- Country: United States
- Language: English
- Genre(s): science fiction

Publication
- Published in: Analog Science Fiction and Fact
- Media type: Print
- Publication date: January 1990

= Inertia (short story) =

"Inertia" is a science fiction short story written by Nancy Kress. It was first published in Analog Science Fiction and Fact, in January 1990, and was subsequently republished in The Year's Best Science Fiction: Eighth Annual Collection (1991), in Best New SF 5 (1991), in The Aliens of Earth (1993), in A Woman's Liberation: A Choice of Futures by and About Women (2001), and in Wastelands: Stories of the Apocalypse (2008). It describes life in a "disease colony"; Kress has stated that the story was inspired directly by cultural reactions to the AIDS pandemic, and that it is "less about disease than about love."

==Synopsis==

An incurable and highly contagious disease causes disfiguring "skin rope" tumors and flattened affect; consequently, all its sufferers are stripped of their rights and forced into sealed quarantine camps. Sixty years later, Dr McHabe visits a camp and reveals to the detainees that he has an illegal cure for the disease's physical symptoms — and that its psychiatric symptoms have kept the camps from descending into violent anarchy like the rest of the world.

==Reception==

At SF Signal, John Nardo considered "Inertia" to be "everything short fiction could and should be: thought-provoking, based on a cool sf-nal idea and wholly entertaining," declaring it to be "simultaneously grim and deep and wonderful", and awarding it five stars out of five.

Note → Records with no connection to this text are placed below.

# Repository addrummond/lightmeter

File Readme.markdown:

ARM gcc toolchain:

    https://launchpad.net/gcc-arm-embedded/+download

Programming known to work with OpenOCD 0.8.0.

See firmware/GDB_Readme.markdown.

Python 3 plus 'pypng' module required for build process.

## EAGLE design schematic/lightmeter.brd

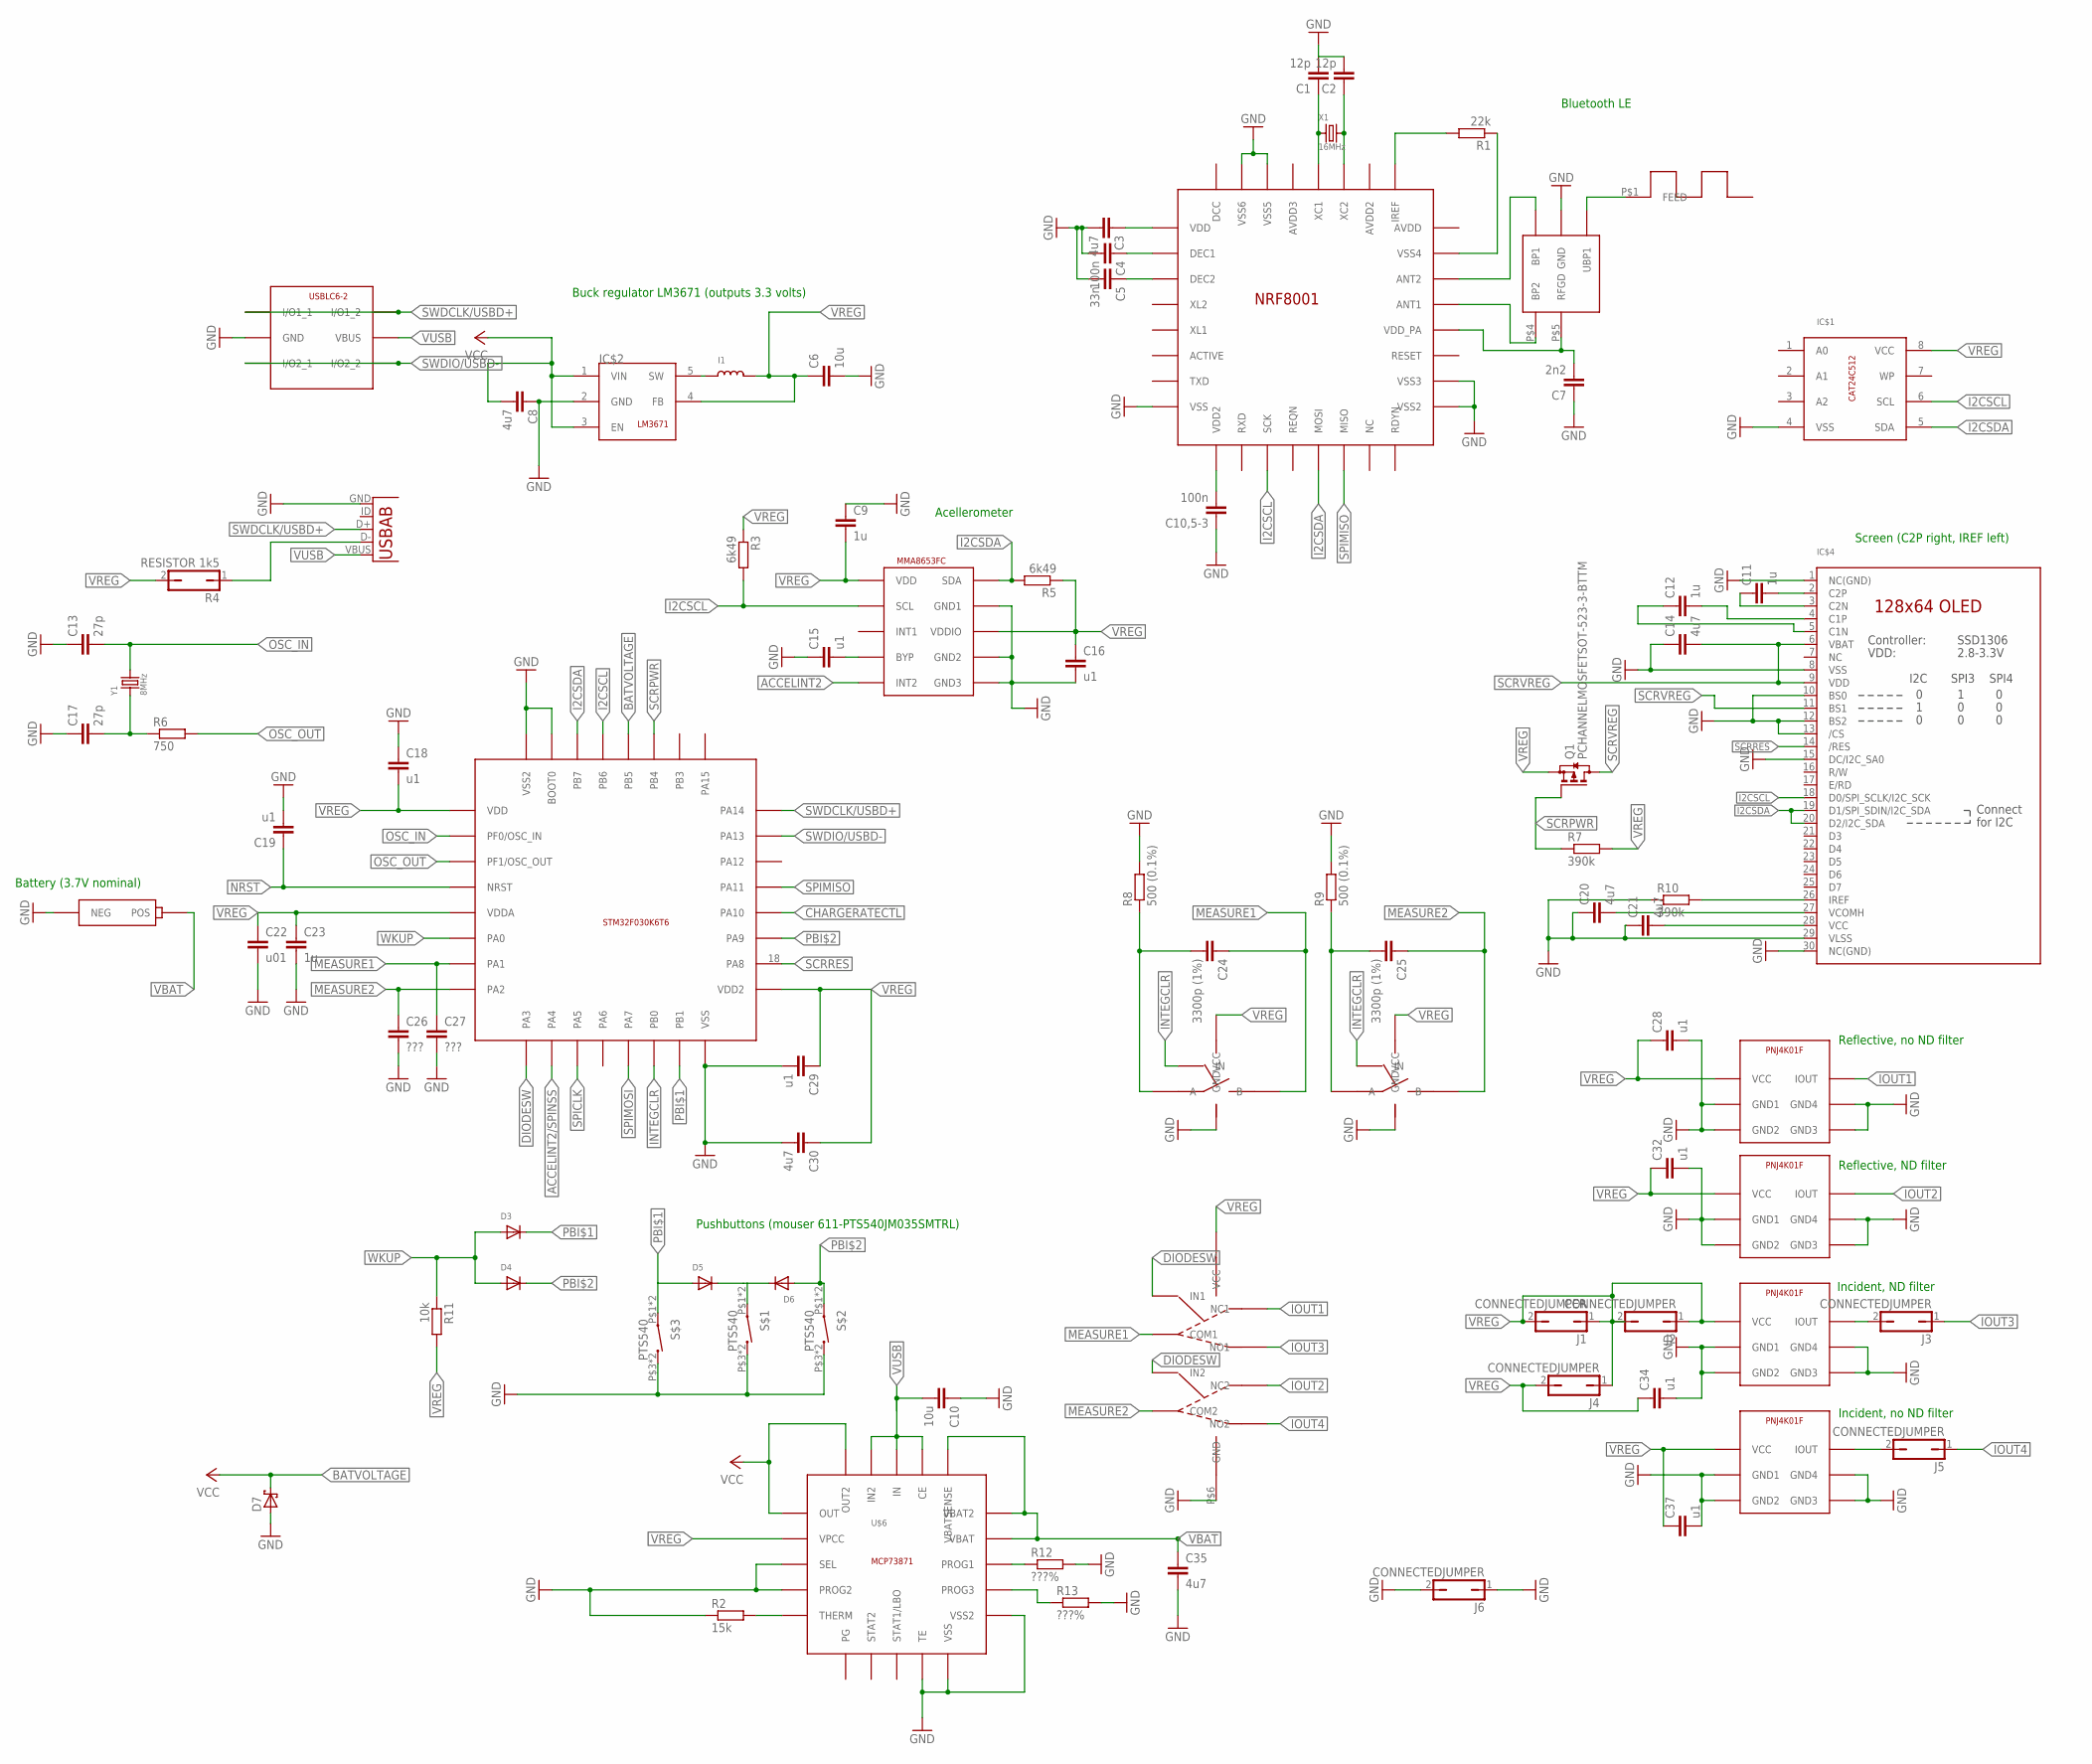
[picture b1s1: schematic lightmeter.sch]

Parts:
C1, C2: 12p; C0402
C3, C8, C14, C20, C21, C30, C35: 4u7; C0402
C4, C10,5-3: 100n; C0402
C5: 33n; C0402
C6: 10u; C0603
C7: 2n2; C0402
C9: 1u; C0603
C10: 10u; C0402
C11, C12: 1u; C0402
C13: 27p; GAP0402
C15, C16, C18, C19, C28, C29, C32, C34, C37: u1; C0402
C17: 27p; C0402
C22: u01; GAP0402
C23: 1u; GAP0603
C24, C25: 3300p (1%); C0603
C26, C27: ???; GAP0402
D3, D4, D5, D6: DIODESOD-323F; SOD-323F
D7: SCHOTTKY-DIODESOD-929; SOD-923
I1: CDRH2D14
IC$1: CAT24C512; TSSOP8
IC$2: LM3671; SOT23-5
IC$3: MMA8653; DFN-10
IC$4: DISP_OLED_UG-2864HSWEG010.96"; UG-2864HSWEG01_0.96IN_WRAPAROUND
IC$5: STM32F030K6T6; QFP-32
IC$6, IC$7: SN74LVC1G66; SOT-553-5
IC$8, IC$9, IC$11, IC$13: PNJ4K01F
IC$12: NLAS5223B; WQFN10
J1, J2, J3, J4, J5, J6: CONNECTEDJUMPER; JUMPER_R0402
Q1: PCHANNELMOSFETSOT-523-3-BTTM; SOT-523-3-BTTM
R1: 22k; R0402
R2: 15k; R0402
R3, R5: 6k49; R0402
R4: RESISTOR 1k5; JUMPER_R0402
R6: 750; R0402
R7, R10: 390k; R0402
R8, R9: 500 (0.1%); R0402
R11: 10k; R0402
R12, R13: ???%; R0402
S$1, S$2, S$3: PTS540; PTS540BTM
U1: USB-ABUSB-AB-MICRO-MIDMOUNT; USB-AB-MICRO-MIDMOUNT
U$1: 2450AT18A100
U$2: 2450BM14A00022450BM14A0002; 2450BM14A0002
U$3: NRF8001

In the New York Review of Science Fiction, Leonard Rysdyk stated that Inertia was "as well-written as any “literary” mood piece from the New Yorker or the Saturday Evening Post", emphasizing that it was "rich in detail and character" and that its basic idea was "engrossing"; however, he also cited its ambiguity, the "logical problems" with the execution of the quarantine, and his dissatisfaction with its overall theme, concluding that it is "less than the sum of its parts."